Kwok, R., and G. F. Cunningham, 2015: Variability of Arctic sea ice thickness and volume from CryoSat-2, Phil. Trans. Royal Soc. London A: Math., Phys. Eng. Sci., 373, 2045, doi.org/10.1098/rsta.2014.0157.

Kwok, R., and D. A. Rothrock, 2009: Decline in Arctic sea ice thickness from submarine and ICESat records: 1958-2008, Geophys. Res. Lett., 36, doi:10.1029/2009GL039035.

Laxon, S. W., K. A. Giles, A. L. Ridout, D. J. Wingham, R. Willatt, R. Cullen, R. Kwok, A. Schweiger, J. Zhang, C. Haas, S. Hendricks, R. Krishfield, N. Kurtz, S. L. Farrell, M. Davidson, 2013: CryoSat estimates of Arctic sea ice Volume, Geophys. Res. Lett., 40, doi:10.1002/grl.50193.

Maslanik, J., J. Stroeve, C. Fowler, and W. Emery, 2011: Distribution and trends in Arctic sea ice age through spring 2011. Geophys. Res. Lett., 38, doi:10.1029/2011GL047735.

NSIDC at nsidc.org/data/seaice_index.

Perovich, D. K. and J. A. Richter-Menge, Regional variability in sea ice melt in a changing Arctic, 2015: Proc. Royal Soc., 373, doi.org/10.1098/rsta.2014.0165.

Richter-Menge, J., and S. L. Farrell, 2013: Arctic sea ice conditions in spring 2009 – 2013 prior to melt, Geophys. Res. Lett., 40, 5888-5893, doi: 10.1002/2013GL058011.

Tilling, R. L., A. Ridout, A. Shepherd, and D. J. Wingham, 2015; Increased Arctic sea ice volume after anomalously low melting in 2013. Nat. Geosci., 8, 643-646. doi:10.1038/ngeo2489.

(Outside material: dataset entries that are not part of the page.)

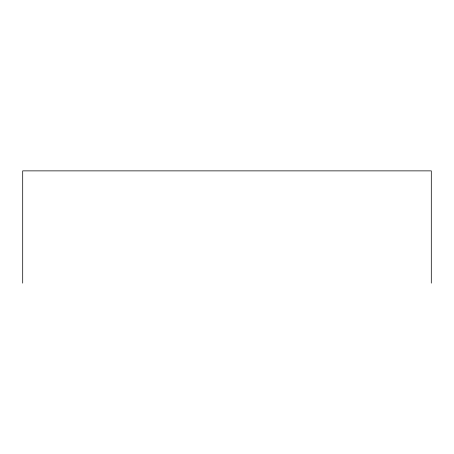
<?xml version="1.0" encoding="UTF-8"?>
<svg xmlns="http://www.w3.org/2000/svg" width="454" height="454" viewBox="0 0 454 454"><rect width="100%" height="100%" fill="white"/><g stroke="black" fill="none" stroke-linecap="round" stroke-linejoin="round"><path stroke-width="0.68" d="M431.3 283.131L431.3 170.869L22.7 170.869L22.7 283.131"/></g></svg>
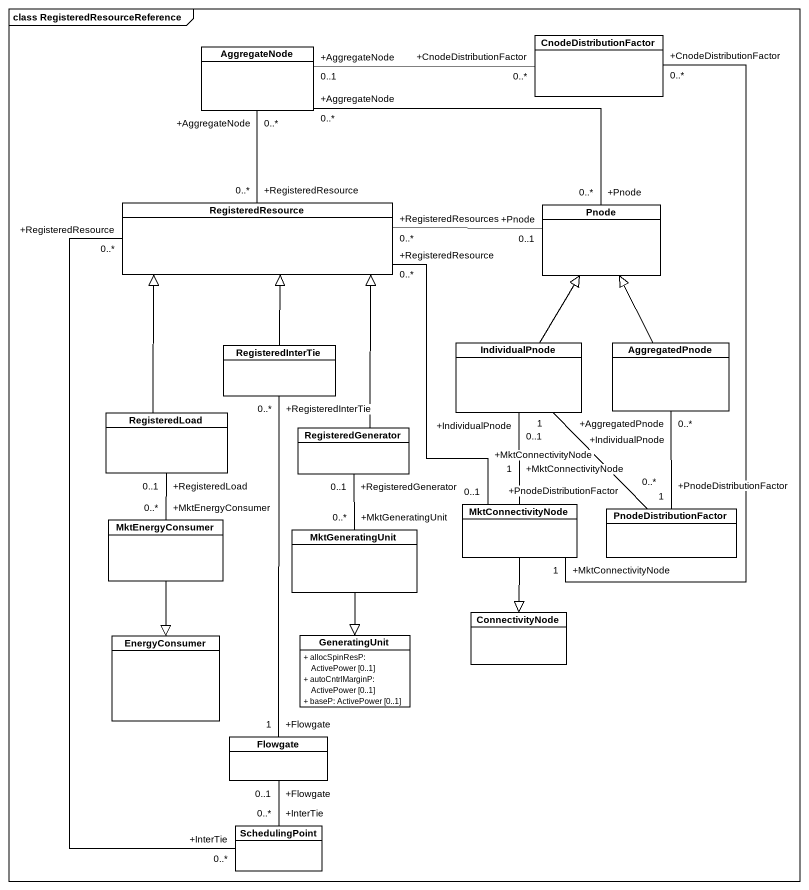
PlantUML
@startuml
mainframe class RegisteredResourceReference
hide circle
hide empty members
skinparam classAttributeIconSize 0
class AggregateNode
class CnodeDistributionFactor
class RegisteredResource
class Pnode
class RegisteredInterTie
class IndividualPnode
class AggregatedPnode
class RegisteredLoad
class RegisteredGenerator
class MktEnergyConsumer
class MktConnectivityNode
class PnodeDistributionFactor
class MktGeneratingUnit
class EnergyConsumer
class GeneratingUnit {
  + allocSpinResP: ActivePower [0..1]
  + autoCntrlMarginP: ActivePower [0..1]
  + baseP: ActivePower [0..1]
}
class ConnectivityNode
class Flowgate
class SchedulingPoint
AggregateNode "+AggregateNode\n0..1" -right- "+CnodeDistributionFactor\n0..*" CnodeDistributionFactor
AggregateNode "+AggregateNode\n0..*" -right- "+Pnode\n0..*" Pnode
CnodeDistributionFactor "+CnodeDistributionFactor\n0..*" -- "+MktConnectivityNode\n1" MktConnectivityNode
RegisteredResource "+RegisteredResource\n0..*" -up- "+AggregateNode\n0..*" AggregateNode
RegisteredResource "+RegisteredResource\n0..*" -- "+MktConnectivityNode\n0..1" MktConnectivityNode
RegisteredResource "+RegisteredResource\n0..*" -- "+InterTie\n0..*" SchedulingPoint
Pnode "+Pnode\n0..1" -left- "+RegisteredResources\n0..*" RegisteredResource
RegisteredInterTie -up-|> RegisteredResource
IndividualPnode -up-|> Pnode
IndividualPnode "+IndividualPnode\n0..1" -- "+MktConnectivityNode\n1" MktConnectivityNode
IndividualPnode "+IndividualPnode\n1" -- "+PnodeDistributionFactor\n0..*" PnodeDistributionFactor
AggregatedPnode -up-|> Pnode
AggregatedPnode "+AggregatedPnode\n0..*" -- "+PnodeDistributionFactor\n1" PnodeDistributionFactor
RegisteredLoad -up-|> RegisteredResource
RegisteredLoad "+RegisteredLoad\n0..1" -- "+MktEnergyConsumer\n0..*" MktEnergyConsumer
RegisteredGenerator -up-|> RegisteredResource
RegisteredGenerator "+RegisteredGenerator\n0..1" -- "+MktGeneratingUnit\n0..*" MktGeneratingUnit
MktEnergyConsumer --|> EnergyConsumer
MktConnectivityNode --|> ConnectivityNode
MktGeneratingUnit --|> GeneratingUnit
Flowgate "+Flowgate\n1" -up- "+RegisteredInterTie\n0..*" RegisteredInterTie
Flowgate "+Flowgate\n0..1" -- "+InterTie\n0..*" SchedulingPoint
@enduml
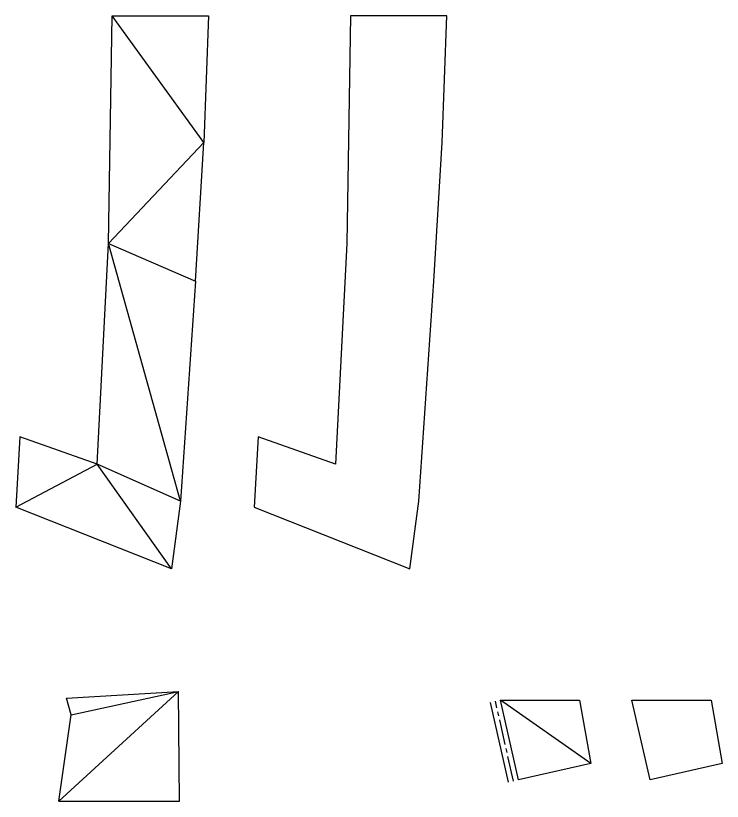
# Model space of a CAD drawing. Header units: inches. Extents: x 45643 to 67490, y -6777 to -1282.
# Drawn here: x 63262 to 67490, y -5979 to -1282 of the extents above; entities that cross this region are included whole.
import ezdxf

# ---------------------------------------------------------------- set-up
doc = ezdxf.new("R2010")
doc.units = ezdxf.units.IN
doc.header["$MEASUREMENT"] = 0
doc.linetypes.add('CENTER2', pattern=[1.125, 0.75, -0.125, 0.125, -0.125])
doc.layers.add('ELEVATION', color=6, linetype='Continuous', lineweight=30)

msp = doc.modelspace()

# ---------------------------------------------------------------- linework, layer by layer
at = {"layer": 'ELEVATION'}
for p, q in [((63818.2, -2644.2), (63839.8, -1282.3)), ((63839.8, -1282.3), (64415.8, -1282.3)), ((64388.2, -2040.8), (63839.8, -1282.3)), ((64415.8, -1282.3), (64388.2, -2040.8)), ((64388.2, -2040.8), (63818.2, -2644.2)), ((64338.2, -2870.3), (64388.2, -2040.8)), ((63749.4, -3962.4), (63818.2, -2644.2)), ((63818.2, -2644.2), (64338.2, -2870.3)), ((64248.2, -4184.2), (63818.2, -2644.2)), ((64338.2, -2870.3), (64248.2, -4184.2)), ((63287.9, -3800.7), (63262.2, -4219.9)), ((63749.4, -3962.4), (63287.9, -3800.7)), ((63262.2, -4219.9), (63749.4, -3962.4)), ((64248.2, -4184.2), (63749.4, -3962.4)), ((64193.9, -4588.6), (63749.4, -3962.4)), ((64193.9, -4588.6), (63262.2, -4219.9)), ((64248.2, -4184.2), (64193.9, -4588.6)), ((64236.2, -5321.8), (63519.8, -5978.8)), ((63565.4, -5362.3), (64236.2, -5321.8)), ((63594.4, -5462.2), (64236.2, -5321.8)), ((64241.8, -5978.8), (64236.2, -5321.8)), ((63594.4, -5462.2), (63565.4, -5362.3)), ((66211.3, -5864.7), (66103.4, -5387.8)), ((66161.9, -5374.6), (66634.9, -5374.6)), ((66702.2, -5753.6), (66161.9, -5374.6)), ((66269.9, -5851.5), (66161.9, -5374.6)), ((66634.9, -5374.6), (66702.2, -5753.6)), ((63519.8, -5978.8), (63594.4, -5462.2)), ((66702.2, -5753.6), (66269.9, -5851.5)), ((63519.8, -5978.8), (64241.8, -5978.8))]:
    msp.add_line(p, q, dxfattribs=at)
at = {"layer": 'ELEVATION', "linetype": 'CENTER2', "ltscale": 200}
msp.add_line((66240.6, -5858.1), (66132.6, -5381.2), dxfattribs=at)
at = {"layer": 'ELEVATION'}
for points in [[(65265.5, -1282.3), (65243.9, -2644.2), (65175.1, -3962.4), (64713.6, -3800.7), (64688, -4219.9), (65619.7, -4588.6), (65674, -4184.2), (65763.9, -2870.3), (65813.9, -2040.8), (65841.5, -1282.3)], [(67422.3, -5374.6), (67489.6, -5753.6), (67057.2, -5851.5), (66949.3, -5374.6)]]:
    msp.add_lwpolyline(points, close=True, dxfattribs=at)

doc.saveas('drawing.dxf')

Tschudi, M. A., C. Fowler, J. A. Maslanik, and J. A. Stroeve, 2010: Tracking the movement and changing surface characteristics of Arctic sea ice. IEEE J. Sel. Topics Earth Obs. and Rem. Sens., 3, doi: 10.1109/JSTARS.2010.2048305.

Tschudi, M., C. Fowler, and J. Maslanik, 2015: EASE-Grid Sea Ice Age, Version 2. Boulder, Colorado USA. NASA National Snow and Ice Data Center Distributed Active Archive Center, doi.org/10.5067/1UQJWCYPVX61.